Andre Rössler holt mich am Flughafen von Heraklion ab. Sein Flieger war schneller als meiner. Ziel unserer gemeinsamen Reise ist es, all die Tierschützer zu besuchen und nach ihrer Tierschutzidee - inklusive Verwirklichung - zu fragen

Andre Rössler holt mich am Flughafen von Heraklion ab. Sein Flieger war schneller als meiner. Ziel unserer gemeinsamen Reise ist es, all die Tierschützer zu besuchen und nach ihrer Tierschutzidee - inklusive Verwirklichung - zu fragen, die sich als Partner, Tierfreunde oder um Hilfe Suchende, an unseren Verein gewandt haben und immer noch wenden. Viele von Ihnen profitieren seit vielen Jahren vom Förderverein Arche Noah Kreta e.V. in unterschiedlicher Weise. Da wir aber gebrannte Kinder sind, und bereits einige Dinge mit unseren Spendengeldern erlebt haben, möchten wir unsere Vorstellung von einem effizienten Tierschutz klarstellen und treten aus diesem Grund am heutigen Februartag die Rundreise über Kreta an.

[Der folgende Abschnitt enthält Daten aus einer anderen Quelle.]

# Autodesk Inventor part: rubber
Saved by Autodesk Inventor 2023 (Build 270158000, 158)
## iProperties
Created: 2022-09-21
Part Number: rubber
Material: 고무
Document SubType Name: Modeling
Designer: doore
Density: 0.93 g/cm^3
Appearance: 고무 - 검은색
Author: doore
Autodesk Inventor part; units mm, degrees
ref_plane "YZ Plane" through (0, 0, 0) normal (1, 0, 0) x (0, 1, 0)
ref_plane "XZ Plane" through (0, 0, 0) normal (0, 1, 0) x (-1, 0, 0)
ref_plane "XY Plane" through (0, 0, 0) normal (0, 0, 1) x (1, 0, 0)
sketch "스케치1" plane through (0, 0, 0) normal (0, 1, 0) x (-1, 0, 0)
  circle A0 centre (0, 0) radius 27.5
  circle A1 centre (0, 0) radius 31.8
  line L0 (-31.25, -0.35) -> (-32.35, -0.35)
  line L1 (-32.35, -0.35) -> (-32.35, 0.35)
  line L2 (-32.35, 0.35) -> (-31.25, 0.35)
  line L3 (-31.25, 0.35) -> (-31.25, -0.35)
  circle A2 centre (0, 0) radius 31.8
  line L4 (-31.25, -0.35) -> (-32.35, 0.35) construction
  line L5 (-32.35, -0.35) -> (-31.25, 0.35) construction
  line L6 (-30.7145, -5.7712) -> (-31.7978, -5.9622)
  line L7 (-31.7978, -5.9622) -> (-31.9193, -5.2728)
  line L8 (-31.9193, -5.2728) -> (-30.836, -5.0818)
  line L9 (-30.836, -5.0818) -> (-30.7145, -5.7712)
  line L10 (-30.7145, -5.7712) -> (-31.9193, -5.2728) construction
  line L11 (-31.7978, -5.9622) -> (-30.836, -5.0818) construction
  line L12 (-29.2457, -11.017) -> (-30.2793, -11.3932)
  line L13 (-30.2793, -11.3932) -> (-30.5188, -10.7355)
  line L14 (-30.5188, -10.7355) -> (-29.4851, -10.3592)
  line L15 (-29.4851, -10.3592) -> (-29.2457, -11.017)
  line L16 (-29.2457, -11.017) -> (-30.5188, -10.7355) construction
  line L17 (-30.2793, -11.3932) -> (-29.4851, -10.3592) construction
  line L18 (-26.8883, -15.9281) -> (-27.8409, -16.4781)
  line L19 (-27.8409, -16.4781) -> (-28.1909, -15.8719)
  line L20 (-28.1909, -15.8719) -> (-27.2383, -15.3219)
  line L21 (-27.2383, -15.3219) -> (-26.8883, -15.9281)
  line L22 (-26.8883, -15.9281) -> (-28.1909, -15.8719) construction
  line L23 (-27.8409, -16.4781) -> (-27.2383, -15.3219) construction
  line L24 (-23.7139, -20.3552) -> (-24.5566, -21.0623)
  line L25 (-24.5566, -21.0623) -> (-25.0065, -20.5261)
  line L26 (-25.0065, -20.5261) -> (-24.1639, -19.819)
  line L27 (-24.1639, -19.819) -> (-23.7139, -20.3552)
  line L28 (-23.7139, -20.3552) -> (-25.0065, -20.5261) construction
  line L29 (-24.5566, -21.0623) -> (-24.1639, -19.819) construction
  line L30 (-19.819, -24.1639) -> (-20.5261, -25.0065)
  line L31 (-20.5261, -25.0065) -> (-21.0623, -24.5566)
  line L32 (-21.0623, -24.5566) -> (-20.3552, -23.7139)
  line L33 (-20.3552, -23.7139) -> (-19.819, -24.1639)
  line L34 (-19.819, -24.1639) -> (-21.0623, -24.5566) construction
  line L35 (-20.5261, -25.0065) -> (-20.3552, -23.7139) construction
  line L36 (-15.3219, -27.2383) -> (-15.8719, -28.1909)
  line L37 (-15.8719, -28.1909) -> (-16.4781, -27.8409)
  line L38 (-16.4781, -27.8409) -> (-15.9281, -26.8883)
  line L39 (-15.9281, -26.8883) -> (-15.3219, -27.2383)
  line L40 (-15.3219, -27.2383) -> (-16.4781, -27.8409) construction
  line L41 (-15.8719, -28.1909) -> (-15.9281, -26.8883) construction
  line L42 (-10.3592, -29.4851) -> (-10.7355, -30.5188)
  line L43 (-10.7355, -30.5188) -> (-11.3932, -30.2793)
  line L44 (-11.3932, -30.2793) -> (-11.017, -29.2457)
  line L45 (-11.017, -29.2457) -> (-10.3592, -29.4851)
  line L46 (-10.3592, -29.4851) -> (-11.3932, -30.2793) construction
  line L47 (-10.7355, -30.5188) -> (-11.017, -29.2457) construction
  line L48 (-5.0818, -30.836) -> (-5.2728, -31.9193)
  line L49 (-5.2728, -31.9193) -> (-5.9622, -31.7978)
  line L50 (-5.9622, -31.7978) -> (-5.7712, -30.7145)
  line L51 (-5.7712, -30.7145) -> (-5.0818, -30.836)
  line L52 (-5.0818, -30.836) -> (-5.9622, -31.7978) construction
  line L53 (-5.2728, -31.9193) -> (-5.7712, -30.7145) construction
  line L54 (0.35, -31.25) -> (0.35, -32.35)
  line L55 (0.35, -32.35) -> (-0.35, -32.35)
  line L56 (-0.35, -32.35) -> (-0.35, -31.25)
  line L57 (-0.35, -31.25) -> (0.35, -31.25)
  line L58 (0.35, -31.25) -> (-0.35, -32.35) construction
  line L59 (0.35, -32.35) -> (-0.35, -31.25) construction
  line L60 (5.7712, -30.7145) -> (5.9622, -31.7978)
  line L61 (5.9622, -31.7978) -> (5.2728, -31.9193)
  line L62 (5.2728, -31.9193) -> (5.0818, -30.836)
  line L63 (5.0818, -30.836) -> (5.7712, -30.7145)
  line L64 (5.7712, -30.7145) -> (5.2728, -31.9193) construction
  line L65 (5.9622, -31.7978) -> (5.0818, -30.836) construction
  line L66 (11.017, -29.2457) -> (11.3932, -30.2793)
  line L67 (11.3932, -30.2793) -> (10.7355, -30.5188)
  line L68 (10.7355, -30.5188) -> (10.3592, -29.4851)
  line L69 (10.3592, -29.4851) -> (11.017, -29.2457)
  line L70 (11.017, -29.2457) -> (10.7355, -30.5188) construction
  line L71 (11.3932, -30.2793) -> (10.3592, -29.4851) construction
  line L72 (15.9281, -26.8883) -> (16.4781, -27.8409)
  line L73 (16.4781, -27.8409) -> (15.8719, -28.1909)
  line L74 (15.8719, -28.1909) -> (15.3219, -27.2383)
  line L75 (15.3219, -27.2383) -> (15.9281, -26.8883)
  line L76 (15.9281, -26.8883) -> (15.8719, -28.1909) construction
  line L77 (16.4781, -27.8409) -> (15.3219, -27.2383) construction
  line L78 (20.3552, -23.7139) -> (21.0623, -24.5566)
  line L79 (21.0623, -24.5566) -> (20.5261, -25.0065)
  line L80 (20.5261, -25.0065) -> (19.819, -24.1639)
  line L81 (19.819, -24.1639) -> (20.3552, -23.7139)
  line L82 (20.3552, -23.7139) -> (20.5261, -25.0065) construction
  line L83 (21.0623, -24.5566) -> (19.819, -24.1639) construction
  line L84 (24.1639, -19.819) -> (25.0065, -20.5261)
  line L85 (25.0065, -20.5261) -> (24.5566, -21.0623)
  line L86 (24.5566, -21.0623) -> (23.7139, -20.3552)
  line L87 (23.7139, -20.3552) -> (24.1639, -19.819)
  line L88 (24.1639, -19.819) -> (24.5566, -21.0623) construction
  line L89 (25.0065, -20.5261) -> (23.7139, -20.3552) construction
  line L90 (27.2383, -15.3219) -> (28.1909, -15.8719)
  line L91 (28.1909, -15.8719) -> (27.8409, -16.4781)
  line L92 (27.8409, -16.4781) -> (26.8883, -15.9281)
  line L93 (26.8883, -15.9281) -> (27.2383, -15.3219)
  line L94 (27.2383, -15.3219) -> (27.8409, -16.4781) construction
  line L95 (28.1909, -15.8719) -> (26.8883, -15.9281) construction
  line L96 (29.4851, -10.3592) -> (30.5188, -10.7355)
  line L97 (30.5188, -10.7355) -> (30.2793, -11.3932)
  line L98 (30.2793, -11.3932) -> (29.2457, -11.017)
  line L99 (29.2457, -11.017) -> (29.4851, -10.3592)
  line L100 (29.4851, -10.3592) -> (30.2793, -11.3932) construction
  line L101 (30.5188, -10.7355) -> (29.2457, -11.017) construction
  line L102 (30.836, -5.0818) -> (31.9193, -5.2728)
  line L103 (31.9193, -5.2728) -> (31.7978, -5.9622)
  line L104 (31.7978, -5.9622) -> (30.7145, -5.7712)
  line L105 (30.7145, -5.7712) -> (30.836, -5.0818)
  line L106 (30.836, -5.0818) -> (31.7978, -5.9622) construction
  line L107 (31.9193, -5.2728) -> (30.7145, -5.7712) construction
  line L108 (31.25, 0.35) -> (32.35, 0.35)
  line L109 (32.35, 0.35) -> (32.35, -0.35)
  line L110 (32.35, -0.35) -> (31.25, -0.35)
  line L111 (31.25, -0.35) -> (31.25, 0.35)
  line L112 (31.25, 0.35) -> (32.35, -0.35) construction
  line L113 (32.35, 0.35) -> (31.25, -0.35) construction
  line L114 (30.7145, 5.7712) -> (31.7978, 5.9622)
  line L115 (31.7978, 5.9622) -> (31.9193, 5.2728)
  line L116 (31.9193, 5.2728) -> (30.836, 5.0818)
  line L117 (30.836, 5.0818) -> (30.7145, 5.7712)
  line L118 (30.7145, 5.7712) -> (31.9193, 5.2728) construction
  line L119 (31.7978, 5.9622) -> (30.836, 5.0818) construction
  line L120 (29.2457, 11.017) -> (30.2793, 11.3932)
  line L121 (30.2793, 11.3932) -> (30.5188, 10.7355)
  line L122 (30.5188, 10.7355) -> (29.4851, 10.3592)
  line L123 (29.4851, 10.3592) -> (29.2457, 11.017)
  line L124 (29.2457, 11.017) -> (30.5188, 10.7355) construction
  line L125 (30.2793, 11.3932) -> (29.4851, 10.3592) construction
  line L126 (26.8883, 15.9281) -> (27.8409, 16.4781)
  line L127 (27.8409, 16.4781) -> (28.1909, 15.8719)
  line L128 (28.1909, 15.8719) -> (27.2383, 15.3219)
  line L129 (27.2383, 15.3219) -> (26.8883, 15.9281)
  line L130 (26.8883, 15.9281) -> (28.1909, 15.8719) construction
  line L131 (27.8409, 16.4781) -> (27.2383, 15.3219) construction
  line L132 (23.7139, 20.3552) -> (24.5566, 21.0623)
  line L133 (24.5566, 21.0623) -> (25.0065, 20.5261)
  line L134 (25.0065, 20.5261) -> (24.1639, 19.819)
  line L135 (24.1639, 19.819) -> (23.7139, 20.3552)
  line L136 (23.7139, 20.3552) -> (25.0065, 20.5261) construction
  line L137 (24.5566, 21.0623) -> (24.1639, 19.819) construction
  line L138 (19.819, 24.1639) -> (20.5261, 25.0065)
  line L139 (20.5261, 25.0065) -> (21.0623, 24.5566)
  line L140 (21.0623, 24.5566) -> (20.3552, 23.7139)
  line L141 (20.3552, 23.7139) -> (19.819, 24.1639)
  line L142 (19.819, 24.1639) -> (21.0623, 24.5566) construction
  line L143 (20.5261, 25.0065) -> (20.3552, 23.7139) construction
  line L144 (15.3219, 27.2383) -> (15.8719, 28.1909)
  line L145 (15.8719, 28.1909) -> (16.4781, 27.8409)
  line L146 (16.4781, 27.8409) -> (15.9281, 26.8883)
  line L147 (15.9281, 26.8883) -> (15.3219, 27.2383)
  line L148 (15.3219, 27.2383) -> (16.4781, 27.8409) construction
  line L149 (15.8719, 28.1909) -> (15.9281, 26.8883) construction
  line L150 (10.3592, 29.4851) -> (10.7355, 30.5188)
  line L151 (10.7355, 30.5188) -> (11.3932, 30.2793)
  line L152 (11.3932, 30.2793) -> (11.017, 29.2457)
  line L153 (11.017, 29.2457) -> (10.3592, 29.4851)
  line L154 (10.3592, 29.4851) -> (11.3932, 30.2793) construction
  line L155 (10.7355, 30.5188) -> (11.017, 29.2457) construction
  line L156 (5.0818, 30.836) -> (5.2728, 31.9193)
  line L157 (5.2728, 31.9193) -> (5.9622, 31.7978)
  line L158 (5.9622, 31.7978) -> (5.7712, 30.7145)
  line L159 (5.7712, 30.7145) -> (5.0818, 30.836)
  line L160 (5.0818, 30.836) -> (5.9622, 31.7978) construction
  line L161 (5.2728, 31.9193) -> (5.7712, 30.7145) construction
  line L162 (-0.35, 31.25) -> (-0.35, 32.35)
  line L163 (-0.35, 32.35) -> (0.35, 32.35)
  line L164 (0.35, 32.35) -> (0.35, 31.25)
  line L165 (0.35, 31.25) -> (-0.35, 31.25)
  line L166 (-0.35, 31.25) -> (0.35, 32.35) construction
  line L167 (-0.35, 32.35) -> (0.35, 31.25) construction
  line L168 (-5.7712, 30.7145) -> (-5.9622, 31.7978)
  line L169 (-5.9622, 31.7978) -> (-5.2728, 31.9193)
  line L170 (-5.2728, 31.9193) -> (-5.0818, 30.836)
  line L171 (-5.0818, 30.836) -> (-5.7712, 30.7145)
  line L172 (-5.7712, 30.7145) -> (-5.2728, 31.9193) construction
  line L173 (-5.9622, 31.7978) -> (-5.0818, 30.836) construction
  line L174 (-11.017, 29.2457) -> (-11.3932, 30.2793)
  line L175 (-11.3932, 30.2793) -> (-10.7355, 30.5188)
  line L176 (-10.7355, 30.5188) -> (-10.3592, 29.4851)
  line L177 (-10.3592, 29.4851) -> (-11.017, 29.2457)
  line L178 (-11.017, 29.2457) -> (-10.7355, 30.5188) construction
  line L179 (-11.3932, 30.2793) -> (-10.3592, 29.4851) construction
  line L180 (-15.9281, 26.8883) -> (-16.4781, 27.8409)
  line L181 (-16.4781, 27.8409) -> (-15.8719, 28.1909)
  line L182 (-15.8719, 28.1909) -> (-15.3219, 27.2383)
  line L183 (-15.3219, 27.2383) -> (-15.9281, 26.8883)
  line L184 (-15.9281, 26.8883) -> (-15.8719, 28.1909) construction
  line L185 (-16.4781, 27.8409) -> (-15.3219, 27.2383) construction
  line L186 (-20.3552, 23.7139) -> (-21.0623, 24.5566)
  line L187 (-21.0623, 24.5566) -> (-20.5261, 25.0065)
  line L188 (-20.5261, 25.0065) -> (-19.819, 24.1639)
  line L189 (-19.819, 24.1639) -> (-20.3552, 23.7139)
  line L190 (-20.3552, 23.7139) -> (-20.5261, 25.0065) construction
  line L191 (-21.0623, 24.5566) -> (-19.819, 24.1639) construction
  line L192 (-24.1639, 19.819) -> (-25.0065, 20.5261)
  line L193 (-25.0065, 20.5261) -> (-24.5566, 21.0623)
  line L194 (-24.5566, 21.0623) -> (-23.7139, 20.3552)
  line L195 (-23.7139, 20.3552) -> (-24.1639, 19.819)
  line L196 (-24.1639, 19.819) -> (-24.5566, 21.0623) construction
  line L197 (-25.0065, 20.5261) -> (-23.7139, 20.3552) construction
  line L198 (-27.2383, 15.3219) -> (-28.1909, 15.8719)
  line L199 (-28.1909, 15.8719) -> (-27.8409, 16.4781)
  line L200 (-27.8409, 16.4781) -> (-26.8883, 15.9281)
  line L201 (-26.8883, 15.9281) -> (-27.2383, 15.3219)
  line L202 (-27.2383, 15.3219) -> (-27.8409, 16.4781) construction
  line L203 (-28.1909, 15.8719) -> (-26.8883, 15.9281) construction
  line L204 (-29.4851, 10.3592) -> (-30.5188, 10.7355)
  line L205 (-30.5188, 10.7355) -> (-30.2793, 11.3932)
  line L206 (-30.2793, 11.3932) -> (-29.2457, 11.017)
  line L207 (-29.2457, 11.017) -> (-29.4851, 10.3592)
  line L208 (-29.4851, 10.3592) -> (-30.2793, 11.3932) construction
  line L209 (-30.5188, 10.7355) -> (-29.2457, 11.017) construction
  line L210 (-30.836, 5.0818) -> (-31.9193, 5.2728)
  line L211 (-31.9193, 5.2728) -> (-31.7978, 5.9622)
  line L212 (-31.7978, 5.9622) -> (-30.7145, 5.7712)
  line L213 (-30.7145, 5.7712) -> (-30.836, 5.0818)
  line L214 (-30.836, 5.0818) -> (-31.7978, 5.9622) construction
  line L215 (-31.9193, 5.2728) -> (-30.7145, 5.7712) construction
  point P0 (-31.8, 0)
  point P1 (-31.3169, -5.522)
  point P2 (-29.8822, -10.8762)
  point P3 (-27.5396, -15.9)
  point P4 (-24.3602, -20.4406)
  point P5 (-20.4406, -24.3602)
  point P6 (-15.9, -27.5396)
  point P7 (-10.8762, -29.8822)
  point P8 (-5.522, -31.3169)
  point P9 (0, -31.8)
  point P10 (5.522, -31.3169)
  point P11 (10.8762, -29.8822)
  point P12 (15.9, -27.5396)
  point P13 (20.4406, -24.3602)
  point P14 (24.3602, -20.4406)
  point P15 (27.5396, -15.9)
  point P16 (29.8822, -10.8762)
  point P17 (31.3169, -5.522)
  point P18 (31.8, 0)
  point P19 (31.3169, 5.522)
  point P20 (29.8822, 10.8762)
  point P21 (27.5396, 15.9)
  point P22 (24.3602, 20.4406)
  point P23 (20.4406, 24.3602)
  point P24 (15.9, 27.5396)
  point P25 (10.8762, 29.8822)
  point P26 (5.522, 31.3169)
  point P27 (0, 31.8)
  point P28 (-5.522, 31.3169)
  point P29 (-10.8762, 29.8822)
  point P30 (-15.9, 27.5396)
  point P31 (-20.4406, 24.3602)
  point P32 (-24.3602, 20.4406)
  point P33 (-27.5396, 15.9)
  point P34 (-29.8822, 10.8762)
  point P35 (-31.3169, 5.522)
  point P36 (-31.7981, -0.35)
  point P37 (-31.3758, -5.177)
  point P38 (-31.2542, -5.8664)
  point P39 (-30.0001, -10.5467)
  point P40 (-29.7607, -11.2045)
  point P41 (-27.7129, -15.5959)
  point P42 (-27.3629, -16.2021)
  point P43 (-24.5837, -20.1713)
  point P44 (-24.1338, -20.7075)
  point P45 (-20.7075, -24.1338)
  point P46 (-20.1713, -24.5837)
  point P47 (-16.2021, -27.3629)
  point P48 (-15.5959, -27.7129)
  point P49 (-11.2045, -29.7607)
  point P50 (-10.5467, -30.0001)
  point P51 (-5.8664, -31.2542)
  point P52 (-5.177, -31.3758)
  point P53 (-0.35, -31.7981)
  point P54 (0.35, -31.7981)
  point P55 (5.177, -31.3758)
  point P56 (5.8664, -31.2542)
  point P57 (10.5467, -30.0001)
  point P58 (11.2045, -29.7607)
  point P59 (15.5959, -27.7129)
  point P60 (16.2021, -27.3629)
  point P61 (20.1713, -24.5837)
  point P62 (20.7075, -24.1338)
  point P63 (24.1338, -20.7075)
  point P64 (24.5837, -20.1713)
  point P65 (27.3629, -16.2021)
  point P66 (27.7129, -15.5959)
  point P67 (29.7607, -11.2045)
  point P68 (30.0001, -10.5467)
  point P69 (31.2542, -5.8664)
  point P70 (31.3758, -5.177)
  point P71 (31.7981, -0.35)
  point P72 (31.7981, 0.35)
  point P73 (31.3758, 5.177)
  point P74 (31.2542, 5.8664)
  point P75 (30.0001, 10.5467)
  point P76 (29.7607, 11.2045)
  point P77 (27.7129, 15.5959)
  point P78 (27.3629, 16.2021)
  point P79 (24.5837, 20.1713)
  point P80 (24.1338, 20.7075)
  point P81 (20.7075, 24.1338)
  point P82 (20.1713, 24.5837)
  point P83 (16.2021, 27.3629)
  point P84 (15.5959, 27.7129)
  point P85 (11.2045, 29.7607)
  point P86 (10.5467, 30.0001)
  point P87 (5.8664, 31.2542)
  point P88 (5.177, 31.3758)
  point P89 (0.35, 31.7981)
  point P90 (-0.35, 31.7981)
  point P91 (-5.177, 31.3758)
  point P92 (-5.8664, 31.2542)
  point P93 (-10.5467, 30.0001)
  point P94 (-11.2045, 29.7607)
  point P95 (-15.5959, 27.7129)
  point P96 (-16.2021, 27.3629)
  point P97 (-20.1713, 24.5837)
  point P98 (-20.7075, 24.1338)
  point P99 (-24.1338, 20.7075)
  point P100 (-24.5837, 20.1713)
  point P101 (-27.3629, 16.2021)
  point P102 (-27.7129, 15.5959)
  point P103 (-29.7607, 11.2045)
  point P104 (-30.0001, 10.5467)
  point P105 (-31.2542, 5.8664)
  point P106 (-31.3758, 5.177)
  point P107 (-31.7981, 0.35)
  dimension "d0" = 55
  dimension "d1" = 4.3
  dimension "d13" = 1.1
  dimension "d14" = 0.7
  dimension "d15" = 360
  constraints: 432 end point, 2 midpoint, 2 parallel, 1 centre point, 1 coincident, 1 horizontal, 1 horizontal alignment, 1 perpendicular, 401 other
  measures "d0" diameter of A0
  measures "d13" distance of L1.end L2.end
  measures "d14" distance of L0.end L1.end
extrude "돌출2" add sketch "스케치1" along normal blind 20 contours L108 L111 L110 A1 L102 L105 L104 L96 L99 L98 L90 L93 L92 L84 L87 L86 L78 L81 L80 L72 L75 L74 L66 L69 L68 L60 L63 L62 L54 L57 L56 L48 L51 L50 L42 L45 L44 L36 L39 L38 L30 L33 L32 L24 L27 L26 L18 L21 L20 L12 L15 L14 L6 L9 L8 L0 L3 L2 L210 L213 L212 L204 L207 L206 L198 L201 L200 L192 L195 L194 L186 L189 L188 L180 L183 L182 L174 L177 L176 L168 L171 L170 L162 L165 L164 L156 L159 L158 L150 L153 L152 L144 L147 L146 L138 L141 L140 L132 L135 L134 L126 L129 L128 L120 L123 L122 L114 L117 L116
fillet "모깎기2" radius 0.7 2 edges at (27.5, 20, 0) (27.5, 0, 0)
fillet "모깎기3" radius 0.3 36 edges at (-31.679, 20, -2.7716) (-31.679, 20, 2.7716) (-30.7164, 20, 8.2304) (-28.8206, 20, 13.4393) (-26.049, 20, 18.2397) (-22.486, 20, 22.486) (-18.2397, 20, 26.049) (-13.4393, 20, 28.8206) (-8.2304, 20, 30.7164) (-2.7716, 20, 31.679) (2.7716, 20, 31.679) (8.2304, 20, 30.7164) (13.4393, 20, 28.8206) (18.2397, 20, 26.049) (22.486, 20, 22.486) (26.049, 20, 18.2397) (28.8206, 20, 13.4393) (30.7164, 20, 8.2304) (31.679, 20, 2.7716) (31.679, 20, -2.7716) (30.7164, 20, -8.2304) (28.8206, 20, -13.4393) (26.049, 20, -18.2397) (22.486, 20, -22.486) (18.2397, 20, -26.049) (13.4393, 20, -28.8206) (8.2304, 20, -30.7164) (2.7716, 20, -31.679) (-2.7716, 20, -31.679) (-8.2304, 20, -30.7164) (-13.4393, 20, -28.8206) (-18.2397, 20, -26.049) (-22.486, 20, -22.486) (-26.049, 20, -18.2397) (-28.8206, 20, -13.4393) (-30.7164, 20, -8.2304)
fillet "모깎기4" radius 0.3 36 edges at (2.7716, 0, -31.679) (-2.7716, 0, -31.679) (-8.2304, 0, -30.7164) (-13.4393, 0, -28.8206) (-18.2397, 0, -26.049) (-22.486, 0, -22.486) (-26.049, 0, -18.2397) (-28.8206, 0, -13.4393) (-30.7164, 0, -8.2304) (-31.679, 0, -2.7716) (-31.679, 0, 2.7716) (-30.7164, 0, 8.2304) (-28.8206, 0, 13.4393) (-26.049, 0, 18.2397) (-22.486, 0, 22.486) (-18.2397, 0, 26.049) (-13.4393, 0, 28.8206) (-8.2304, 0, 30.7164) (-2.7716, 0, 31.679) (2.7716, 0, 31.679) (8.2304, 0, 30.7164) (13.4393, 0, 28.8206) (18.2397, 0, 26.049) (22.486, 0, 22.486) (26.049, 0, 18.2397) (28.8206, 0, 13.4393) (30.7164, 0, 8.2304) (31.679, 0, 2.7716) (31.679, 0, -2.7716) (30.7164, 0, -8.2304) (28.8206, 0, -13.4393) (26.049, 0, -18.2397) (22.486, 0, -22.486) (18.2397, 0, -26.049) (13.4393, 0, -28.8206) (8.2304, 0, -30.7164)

Brigitte Scheichel begleitet uns. Sie betreibt mit ihrem Team an der Südküste in unseren Augen einen vorbildlichen Tierschutz in der Weise, dass sie möglichst effizient, präventiv und in jeder Hinsicht tierlieb und aufopferungsvoll arbeitet. Sie träumt von einer noch besseren Vernetzung der kretischen Tierschützer.

Um diese Jahreszeit ist die Insel wunderschön. Die Regenfälle locken das Grün aus den ansonsten so kargen Bergen, dass der Anblick bezaubernd wirkt. Unsere Fahrt bringt uns an Orte dieser Insel, die wir trotz unendlich vieler Reisen noch nie gesehen haben. Passieren wir Talstraßen, so erstrecken sich unweit der kurvenreichen Schlaglochpisten die schneebedeckten Bergkämme. Die Schneeschmelze füllt die im Sommer ausgetrockneten Flüsse zu reißenden Bächen. Selbst Wasserfälle zeigen sich uns. Anstelle der im Hochsommer grölenden Touristen herrscht jetzt überall traumhafte Stille, die zum Nachdenken anregt.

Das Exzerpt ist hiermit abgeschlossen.